Hai annunciato il nuovo gestionale, hai spiegato che da lunedì si lavora diversamente, hai persino convocato una riunione. Eppure, 3 settimane dopo, il 90% dei collaboratori usa ancora il vecchio metodo. Ti suona familiare? La resistenza al cambiamento non è pigrizia e non è sabotaggio fine a sé stesso. È paura, spesso inconsapevole. Paura di perdere competenza, paura di non essere all'altezza, paura di non riuscire e, spesso, è anche pigrizia (mentale e fisica). Nel mio lavoro con gli studi professionali, vedo questo copione ripetersi con una regolarità quasi matematica e ho imparato che gestire il cambiamento non è una questione solo tecnica, è una questione di saper gestire le persone.Quando un collaboratore resiste al timesheet, al nuovo software o alle policy sulle e-mail, non sta dicendo che "questo cambiamento è sbagliato", ma sta affermando "ho paura di non farcela" e che vada peggio in futuro.

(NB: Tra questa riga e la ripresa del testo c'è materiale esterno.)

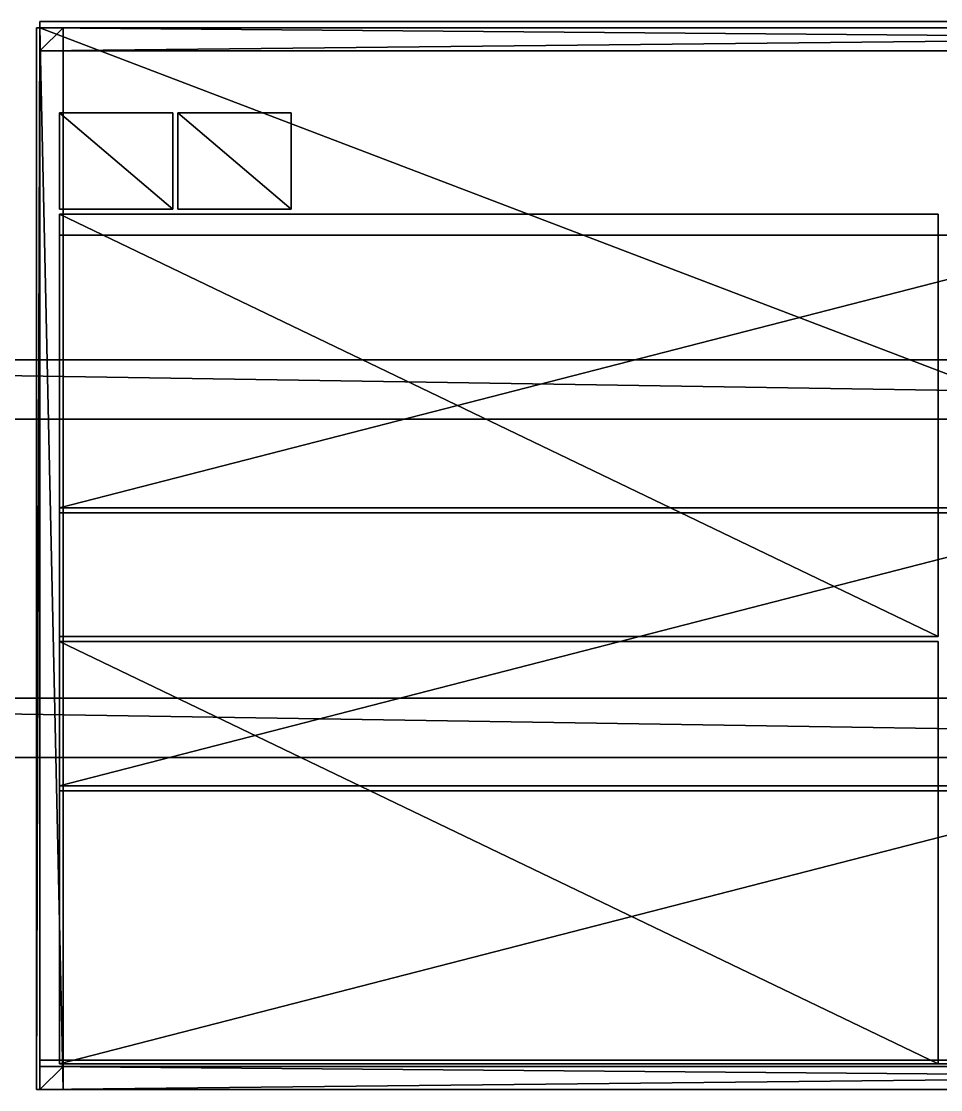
# Model space of a CAD drawing. Header units: millimetres. Extents: x -2500 to 6540, y -1255 to 1270.
# Drawn here: x -84 to 2090, y -1255 to 1270 of the extents above; entities that cross this region are included whole.
import ezdxf

# ---------------------------------------------------------------- set-up
doc = ezdxf.new("R2010")
doc.units = ezdxf.units.MM

msp = doc.modelspace()

# ---------------------------------------------------------------- linework, layer by layer
at = {"layer": 'CAD_75LAB'}
for points in [[(-40, 1200, 1190), (-40, 1270, 1120), (-40, 1200, 1120)], [(-40, 1200, 1190), (-40, 1270, 1190), (-40, 1270, 1120)], [(6540, 1270, 1190), (6540, 1270, 1120), (-40, 1270, 1120)], [(6540, 1270, 1190), (-40, 1270, 1120), (-40, 1270, 1190)], [(6540, 1270, 1120), (-40, 1200, 1120), (-40, 1270, 1120)], [(6540, 1270, 1120), (6540, 1200, 1120), (-40, 1200, 1120)], [(6540, 1270, 1190), (-40, 1270, 1190), (-40, 1200, 1190)], [(6540, 1270, 1190), (-40, 1200, 1190), (6540, 1200, 1190)], [(-48, -1255, 1120), (-48, 1255, 3560), (-48, 1255, 1120)], [(-48, -1255, 3560), (-48, 1255, 3560), (-48, -1255, 1120)], [(-48, 1255, 3560), (-40, 1255, 1120), (-48, 1255, 1120)], [(-40, 1255, 3560), (-40, 1255, 1120), (-48, 1255, 3560)], [(-40, 1255, 1120), (-48, -1255, 1120), (-48, 1255, 1120)], [(-40, 1255, 1120), (-40, -1255, 1120), (-48, -1255, 1120)], [(-40, 1255, 3560), (-48, 1255, 3560), (-48, -1255, 3560)], [(-40, 1255, 3560), (-48, -1255, 3560), (-40, -1255, 3560)], [(-40, -1255, 1030), (-40, 1255, 1120), (-40, 1255, 1030)], [(-40, -1255, 1120), (-40, 1255, 1120), (-40, -1255, 1030)], [(6540, 1255, 1030), (-40, 1255, 1030), (-40, 1255, 1120)], [(6540, 1255, 1120), (6540, 1255, 1030), (-40, 1255, 1120)], [(6540, -1255, 1030), (-40, -1255, 1030), (-40, 1255, 1030)], [(6540, 1255, 1030), (6540, -1255, 1030), (-40, 1255, 1030)], [(6540, -1255, 1120), (-40, 1255, 1120), (-40, -1255, 1120)], [(6540, 1255, 1120), (-40, 1255, 1120), (6540, -1255, 1120)], [(-40, 1200, 3560), (-40, 1255, 1120), (-40, 1200, 1120)], [(-40, 1200, 3560), (-40, 1255, 3560), (-40, 1255, 1120)], [(15, 1255, 3560), (15, 1255, 1120), (-40, 1255, 1120)], [(15, 1255, 3560), (-40, 1255, 1120), (-40, 1255, 3560)], [(15, 1255, 1120), (-40, 1200, 1120), (-40, 1255, 1120)], [(15, 1255, 1120), (15, 1200, 1120), (-40, 1200, 1120)], [(15, 1255, 3560), (-40, 1255, 3560), (-40, 1200, 3560)], [(15, 1255, 3560), (-40, 1200, 3560), (15, 1200, 3560)], [(-40, 1200, 3615), (-40, 1255, 3560), (-40, 1200, 3560)], [(-40, 1200, 3615), (-40, 1255, 3615), (-40, 1255, 3560)], [(6540, 1255, 3560), (-40, 1255, 3560), (-40, 1255, 3615)], [(6540, 1255, 3615), (6540, 1255, 3560), (-40, 1255, 3615)], [(6540, 1200, 3560), (-40, 1200, 3560), (-40, 1255, 3560)], [(6540, 1255, 3560), (6540, 1200, 3560), (-40, 1255, 3560)], [(6540, 1200, 3615), (-40, 1255, 3615), (-40, 1200, 3615)], [(6540, 1255, 3615), (-40, 1255, 3615), (6540, 1200, 3615)], [(-40, -1255, 3560), (-40, 1255, 3615), (-40, 1255, 3560)], [(-40, -1255, 3615), (-40, 1255, 3615), (-40, -1255, 3560)], [(15, 1255, 3615), (15, 1255, 3560), (-40, 1255, 3560)], [(15, 1255, 3615), (-40, 1255, 3560), (-40, 1255, 3615)], [(-40, 1255, 3560), (15, -1255, 3560), (-40, -1255, 3560)], [(15, 1255, 3560), (15, -1255, 3560), (-40, 1255, 3560)], [(-40, 1255, 3615), (-40, -1255, 3615), (15, -1255, 3615)], [(15, 1255, 3615), (-40, 1255, 3615), (15, -1255, 3615)], [(-40, -1255, 1120), (-40, 1255, 1120), (-40, 1255, 3560)], [(-40, -1255, 3560), (-40, -1255, 1120), (-40, 1255, 3560)], [(15, 1200, 3560), (15, 1200, 1120), (15, 1255, 1120)], [(15, 1200, 3560), (15, 1255, 1120), (15, 1255, 3560)], [(15, -1255, 3560), (15, 1255, 3560), (15, 1255, 3615)], [(15, -1255, 3615), (15, -1255, 3560), (15, 1255, 3615)], [(15, 1200, 3560), (-40, 1200, 1120), (15, 1200, 1120)], [(15, 1200, 3560), (-40, 1200, 3560), (-40, 1200, 1120)], [(6540, 1200, 3560), (-40, 1200, 3615), (-40, 1200, 3560)], [(6540, 1200, 3615), (-40, 1200, 3615), (6540, 1200, 3560)], [(6540, 1200, 1190), (-40, 1200, 1120), (6540, 1200, 1120)], [(6540, 1200, 1190), (-40, 1200, 1190), (-40, 1200, 1120)], [(6, 826, 1341), (6, 1054, 1123), (6, 826, 1123)], [(6, 826, 1341), (6, 1054, 1341), (6, 1054, 1123)], [(274, 1054, 1341), (274, 1054, 1123), (6, 1054, 1123)], [(274, 1054, 1341), (6, 1054, 1123), (6, 1054, 1341)], [(274, 826, 1123), (6, 826, 1123), (6, 1054, 1123)], [(274, 1054, 1123), (274, 826, 1123), (6, 1054, 1123)], [(274, 826, 1341), (6, 1054, 1341), (6, 826, 1341)], [(274, 1054, 1341), (6, 1054, 1341), (274, 826, 1341)], [(6, 826, 1565), (6, 1054, 1347), (6, 826, 1347)], [(6, 826, 1565), (6, 1054, 1565), (6, 1054, 1347)], [(274, 1054, 1565), (274, 1054, 1347), (6, 1054, 1347)], [(274, 1054, 1565), (6, 1054, 1347), (6, 1054, 1565)], [(274, 826, 1347), (6, 826, 1347), (6, 1054, 1347)], [(274, 1054, 1347), (274, 826, 1347), (6, 1054, 1347)], [(274, 826, 1565), (6, 1054, 1565), (6, 826, 1565)], [(274, 1054, 1565), (6, 1054, 1565), (274, 826, 1565)], [(6, 826, 1789), (6, 1054, 1571), (6, 826, 1571)], [(6, 826, 1789), (6, 1054, 1789), (6, 1054, 1571)], [(274, 1054, 1789), (274, 1054, 1571), (6, 1054, 1571)], [(274, 1054, 1789), (6, 1054, 1571), (6, 1054, 1789)], [(274, 826, 1571), (6, 826, 1571), (6, 1054, 1571)], [(274, 1054, 1571), (274, 826, 1571), (6, 1054, 1571)], [(274, 826, 1789), (6, 1054, 1789), (6, 826, 1789)], [(274, 1054, 1789), (6, 1054, 1789), (274, 826, 1789)], [(6, 826, 2013), (6, 1054, 1795), (6, 826, 1795)], [(6, 826, 2013), (6, 1054, 2013), (6, 1054, 1795)], [(274, 1054, 2013), (274, 1054, 1795), (6, 1054, 1795)], [(274, 1054, 2013), (6, 1054, 1795), (6, 1054, 2013)], [(274, 826, 1795), (6, 826, 1795), (6, 1054, 1795)], [(274, 1054, 1795), (274, 826, 1795), (6, 1054, 1795)], [(274, 826, 2013), (6, 1054, 2013), (6, 826, 2013)], [(274, 1054, 2013), (6, 1054, 2013), (274, 826, 2013)], [(6, 826, 2237), (6, 1054, 2019), (6, 826, 2019)], [(6, 826, 2237), (6, 1054, 2237), (6, 1054, 2019)], [(274, 1054, 2237), (274, 1054, 2019), (6, 1054, 2019)], [(274, 1054, 2237), (6, 1054, 2019), (6, 1054, 2237)], [(274, 826, 2019), (6, 826, 2019), (6, 1054, 2019)], [(274, 1054, 2019), (274, 826, 2019), (6, 1054, 2019)], [(274, 826, 2237), (6, 1054, 2237), (6, 826, 2237)], [(274, 1054, 2237), (6, 1054, 2237), (274, 826, 2237)], [(6, 826, 2461), (6, 1054, 2243), (6, 826, 2243)], [(6, 826, 2461), (6, 1054, 2461), (6, 1054, 2243)], [(274, 1054, 2461), (274, 1054, 2243), (6, 1054, 2243)], [(274, 1054, 2461), (6, 1054, 2243), (6, 1054, 2461)], [(274, 826, 2243), (6, 826, 2243), (6, 1054, 2243)], [(274, 1054, 2243), (274, 826, 2243), (6, 1054, 2243)], [(274, 826, 2461), (6, 1054, 2461), (6, 826, 2461)], [(274, 1054, 2461), (6, 1054, 2461), (274, 826, 2461)], [(6, 826, 2685), (6, 1054, 2467), (6, 826, 2467)], [(6, 826, 2685), (6, 1054, 2685), (6, 1054, 2467)], [(274, 1054, 2685), (274, 1054, 2467), (6, 1054, 2467)], [(274, 1054, 2685), (6, 1054, 2467), (6, 1054, 2685)], [(274, 826, 2467), (6, 826, 2467), (6, 1054, 2467)], [(274, 1054, 2467), (274, 826, 2467), (6, 1054, 2467)], [(274, 826, 2685), (6, 1054, 2685), (6, 826, 2685)], [(274, 1054, 2685), (6, 1054, 2685), (274, 826, 2685)], [(6, 826, 2909), (6, 1054, 2691), (6, 826, 2691)], [(6, 826, 2909), (6, 1054, 2909), (6, 1054, 2691)], [(274, 1054, 2909), (274, 1054, 2691), (6, 1054, 2691)], [(274, 1054, 2909), (6, 1054, 2691), (6, 1054, 2909)], [(274, 826, 2691), (6, 826, 2691), (6, 1054, 2691)], [(274, 1054, 2691), (274, 826, 2691), (6, 1054, 2691)], [(274, 826, 2909), (6, 1054, 2909), (6, 826, 2909)], [(274, 1054, 2909), (6, 1054, 2909), (274, 826, 2909)], [(6, 826, 3133), (6, 1054, 2915), (6, 826, 2915)], [(6, 826, 3133), (6, 1054, 3133), (6, 1054, 2915)], [(274, 1054, 3133), (274, 1054, 2915), (6, 1054, 2915)], [(274, 1054, 3133), (6, 1054, 2915), (6, 1054, 3133)], [(274, 826, 2915), (6, 826, 2915), (6, 1054, 2915)], [(274, 1054, 2915), (274, 826, 2915), (6, 1054, 2915)], [(274, 826, 3133), (6, 1054, 3133), (6, 826, 3133)], [(274, 1054, 3133), (6, 1054, 3133), (274, 826, 3133)], [(6, 826, 3357), (6, 1054, 3139), (6, 826, 3139)], [(6, 826, 3357), (6, 1054, 3357), (6, 1054, 3139)], [(274, 1054, 3357), (274, 1054, 3139), (6, 1054, 3139)], [(274, 1054, 3357), (6, 1054, 3139), (6, 1054, 3357)], [(274, 826, 3139), (6, 826, 3139), (6, 1054, 3139)], [(274, 1054, 3139), (274, 826, 3139), (6, 1054, 3139)], [(274, 826, 3357), (6, 1054, 3357), (6, 826, 3357)], [(274, 1054, 3357), (6, 1054, 3357), (274, 826, 3357)], [(274, 826, 1341), (274, 826, 1123), (274, 1054, 1123)], [(274, 826, 1341), (274, 1054, 1123), (274, 1054, 1341)], [(274, 826, 1565), (274, 826, 1347), (274, 1054, 1347)], [(274, 826, 1565), (274, 1054, 1347), (274, 1054, 1565)], [(274, 826, 1789), (274, 826, 1571), (274, 1054, 1571)], [(274, 826, 1789), (274, 1054, 1571), (274, 1054, 1789)], [(274, 826, 2013), (274, 826, 1795), (274, 1054, 1795)], [(274, 826, 2013), (274, 1054, 1795), (274, 1054, 2013)], [(274, 826, 2237), (274, 826, 2019), (274, 1054, 2019)], [(274, 826, 2237), (274, 1054, 2019), (274, 1054, 2237)], [(274, 826, 2461), (274, 826, 2243), (274, 1054, 2243)], [(274, 826, 2461), (274, 1054, 2243), (274, 1054, 2461)], [(274, 826, 2685), (274, 826, 2467), (274, 1054, 2467)], [(274, 826, 2685), (274, 1054, 2467), (274, 1054, 2685)], [(274, 826, 2909), (274, 826, 2691), (274, 1054, 2691)], [(274, 826, 2909), (274, 1054, 2691), (274, 1054, 2909)], [(274, 826, 3133), (274, 826, 2915), (274, 1054, 2915)], [(274, 826, 3133), (274, 1054, 2915), (274, 1054, 3133)], [(274, 826, 3357), (274, 826, 3139), (274, 1054, 3139)], [(274, 826, 3357), (274, 1054, 3139), (274, 1054, 3357)], [(286, 826, 1341), (286, 1054, 1123), (286, 826, 1123)], [(286, 826, 1341), (286, 1054, 1341), (286, 1054, 1123)], [(554, 1054, 1341), (554, 1054, 1123), (286, 1054, 1123)], [(554, 1054, 1341), (286, 1054, 1123), (286, 1054, 1341)], [(554, 826, 1123), (286, 826, 1123), (286, 1054, 1123)], [(554, 1054, 1123), (554, 826, 1123), (286, 1054, 1123)], [(554, 826, 1341), (286, 1054, 1341), (286, 826, 1341)], [(554, 1054, 1341), (286, 1054, 1341), (554, 826, 1341)], [(286, 826, 1565), (286, 1054, 1347), (286, 826, 1347)], [(286, 826, 1565), (286, 1054, 1565), (286, 1054, 1347)], [(554, 1054, 1565), (554, 1054, 1347), (286, 1054, 1347)], [(554, 1054, 1565), (286, 1054, 1347), (286, 1054, 1565)], [(554, 826, 1347), (286, 826, 1347), (286, 1054, 1347)], [(554, 1054, 1347), (554, 826, 1347), (286, 1054, 1347)], [(554, 826, 1565), (286, 1054, 1565), (286, 826, 1565)], [(554, 1054, 1565), (286, 1054, 1565), (554, 826, 1565)], [(286, 826, 1789), (286, 1054, 1571), (286, 826, 1571)], [(286, 826, 1789), (286, 1054, 1789), (286, 1054, 1571)], [(554, 1054, 1789), (554, 1054, 1571), (286, 1054, 1571)], [(554, 1054, 1789), (286, 1054, 1571), (286, 1054, 1789)], [(554, 826, 1571), (286, 826, 1571), (286, 1054, 1571)], [(554, 1054, 1571), (554, 826, 1571), (286, 1054, 1571)], [(554, 826, 1789), (286, 1054, 1789), (286, 826, 1789)], [(554, 1054, 1789), (286, 1054, 1789), (554, 826, 1789)], [(286, 826, 2013), (286, 1054, 1795), (286, 826, 1795)], [(286, 826, 2013), (286, 1054, 2013), (286, 1054, 1795)], [(554, 1054, 2013), (554, 1054, 1795), (286, 1054, 1795)], [(554, 1054, 2013), (286, 1054, 1795), (286, 1054, 2013)], [(554, 826, 1795), (286, 826, 1795), (286, 1054, 1795)], [(554, 1054, 1795), (554, 826, 1795), (286, 1054, 1795)], [(554, 826, 2013), (286, 1054, 2013), (286, 826, 2013)], [(554, 1054, 2013), (286, 1054, 2013), (554, 826, 2013)], [(286, 826, 2237), (286, 1054, 2019), (286, 826, 2019)], [(286, 826, 2237), (286, 1054, 2237), (286, 1054, 2019)], [(554, 1054, 2237), (554, 1054, 2019), (286, 1054, 2019)], [(554, 1054, 2237), (286, 1054, 2019), (286, 1054, 2237)], [(554, 826, 2019), (286, 826, 2019), (286, 1054, 2019)], [(554, 1054, 2019), (554, 826, 2019), (286, 1054, 2019)], [(554, 826, 2237), (286, 1054, 2237), (286, 826, 2237)], [(554, 1054, 2237), (286, 1054, 2237), (554, 826, 2237)], [(286, 826, 2461), (286, 1054, 2243), (286, 826, 2243)], [(286, 826, 2461), (286, 1054, 2461), (286, 1054, 2243)], [(554, 1054, 2461), (554, 1054, 2243), (286, 1054, 2243)], [(554, 1054, 2461), (286, 1054, 2243), (286, 1054, 2461)], [(554, 826, 2243), (286, 826, 2243), (286, 1054, 2243)], [(554, 1054, 2243), (554, 826, 2243), (286, 1054, 2243)], [(554, 826, 2461), (286, 1054, 2461), (286, 826, 2461)], [(554, 1054, 2461), (286, 1054, 2461), (554, 826, 2461)], [(286, 826, 2685), (286, 1054, 2467), (286, 826, 2467)], [(286, 826, 2685), (286, 1054, 2685), (286, 1054, 2467)], [(554, 1054, 2685), (554, 1054, 2467), (286, 1054, 2467)], [(554, 1054, 2685), (286, 1054, 2467), (286, 1054, 2685)], [(554, 826, 2467), (286, 826, 2467), (286, 1054, 2467)], [(554, 1054, 2467), (554, 826, 2467), (286, 1054, 2467)], [(554, 826, 2685), (286, 1054, 2685), (286, 826, 2685)], [(554, 1054, 2685), (286, 1054, 2685), (554, 826, 2685)], [(286, 826, 2909), (286, 1054, 2691), (286, 826, 2691)], [(286, 826, 2909), (286, 1054, 2909), (286, 1054, 2691)], [(554, 1054, 2909), (554, 1054, 2691), (286, 1054, 2691)], [(554, 1054, 2909), (286, 1054, 2691), (286, 1054, 2909)], [(554, 826, 2691), (286, 826, 2691), (286, 1054, 2691)], [(554, 1054, 2691), (554, 826, 2691), (286, 1054, 2691)], [(554, 826, 2909), (286, 1054, 2909), (286, 826, 2909)], [(554, 1054, 2909), (286, 1054, 2909), (554, 826, 2909)], [(554, 826, 1341), (554, 826, 1123), (554, 1054, 1123)], [(554, 826, 1341), (554, 1054, 1123), (554, 1054, 1341)], [(554, 826, 1565), (554, 826, 1347), (554, 1054, 1347)], [(554, 826, 1565), (554, 1054, 1347), (554, 1054, 1565)], [(554, 826, 1789), (554, 826, 1571), (554, 1054, 1571)], [(554, 826, 1789), (554, 1054, 1571), (554, 1054, 1789)], [(554, 826, 2013), (554, 826, 1795), (554, 1054, 1795)], [(554, 826, 2013), (554, 1054, 1795), (554, 1054, 2013)], [(554, 826, 2237), (554, 826, 2019), (554, 1054, 2019)], [(554, 826, 2237), (554, 1054, 2019), (554, 1054, 2237)], [(554, 826, 2461), (554, 826, 2243), (554, 1054, 2243)], [(554, 826, 2461), (554, 1054, 2243), (554, 1054, 2461)], [(554, 826, 2685), (554, 826, 2467), (554, 1054, 2467)], [(554, 826, 2685), (554, 1054, 2467), (554, 1054, 2685)], [(554, 826, 2909), (554, 826, 2691), (554, 1054, 2691)], [(554, 826, 2909), (554, 1054, 2691), (554, 1054, 2909)], [(274, 826, 1341), (6, 826, 1123), (274, 826, 1123)], [(274, 826, 1341), (6, 826, 1341), (6, 826, 1123)], [(274, 826, 1565), (6, 826, 1347), (274, 826, 1347)], [(274, 826, 1565), (6, 826, 1565), (6, 826, 1347)], [(274, 826, 1789), (6, 826, 1571), (274, 826, 1571)], [(274, 826, 1789), (6, 826, 1789), (6, 826, 1571)], [(274, 826, 2013), (6, 826, 1795), (274, 826, 1795)], [(274, 826, 2013), (6, 826, 2013), (6, 826, 1795)], [(274, 826, 2237), (6, 826, 2019), (274, 826, 2019)], [(274, 826, 2237), (6, 826, 2237), (6, 826, 2019)], [(274, 826, 2461), (6, 826, 2243), (274, 826, 2243)], [(274, 826, 2461), (6, 826, 2461), (6, 826, 2243)], [(274, 826, 2685), (6, 826, 2467), (274, 826, 2467)], [(274, 826, 2685), (6, 826, 2685), (6, 826, 2467)], [(274, 826, 2909), (6, 826, 2691), (274, 826, 2691)], [(274, 826, 2909), (6, 826, 2909), (6, 826, 2691)], [(274, 826, 3133), (6, 826, 2915), (274, 826, 2915)], [(274, 826, 3133), (6, 826, 3133), (6, 826, 2915)], [(274, 826, 3357), (6, 826, 3139), (274, 826, 3139)], [(274, 826, 3357), (6, 826, 3357), (6, 826, 3139)], [(6, -184, 1353), (6, 814, 1123), (6, -184, 1123)], [(6, -184, 1353), (6, 814, 1353), (6, 814, 1123)], [(2084, 814, 1353), (2084, 814, 1123), (6, 814, 1123)], [(2084, 814, 1353), (6, 814, 1123), (6, 814, 1353)], [(2084, -184, 1123), (6, -184, 1123), (6, 814, 1123)], [(2084, 814, 1123), (2084, -184, 1123), (6, 814, 1123)], [(2084, -184, 1353), (6, 814, 1353), (6, -184, 1353)], [(2084, 814, 1353), (6, 814, 1353), (2084, -184, 1353)], [(6, -184, 1589), (6, 814, 1359), (6, -184, 1359)], [(6, -184, 1589), (6, 814, 1589), (6, 814, 1359)], [(2084, 814, 1589), (2084, 814, 1359), (6, 814, 1359)], [(2084, 814, 1589), (6, 814, 1359), (6, 814, 1589)], [(2084, -184, 1359), (6, -184, 1359), (6, 814, 1359)], [(2084, 814, 1359), (2084, -184, 1359), (6, 814, 1359)], [(2084, -184, 1589), (6, 814, 1589), (6, -184, 1589)], [(2084, 814, 1589), (6, 814, 1589), (2084, -184, 1589)], [(6, -184, 1825), (6, 814, 1595), (6, -184, 1595)], [(6, -184, 1825), (6, 814, 1825), (6, 814, 1595)], [(2084, 814, 1825), (2084, 814, 1595), (6, 814, 1595)], [(2084, 814, 1825), (6, 814, 1595), (6, 814, 1825)], [(2084, -184, 1595), (6, -184, 1595), (6, 814, 1595)], [(2084, 814, 1595), (2084, -184, 1595), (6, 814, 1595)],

Certo, con quelle parole così esplicite non lo dirà mai, ma è lì, sotto la superficie, la paura (e l’ansia).Parte più importante: comunicare il perché - Annunciare una novità senza spiegare le ragioni è come chiedere a qualcuno di seguirti al buio. Non solo: quando spieghiamo le ragioni, dobbiamo anche tracciare una direzione, facendo capire che è necessario, utile e che ne gioveremo tutti. Lo sguardo di tutti deve essere sul risultato, non sul percorso faticoso che ci porterà al risultato. Prima di qualsiasi implementazione, costruisci una narrativa...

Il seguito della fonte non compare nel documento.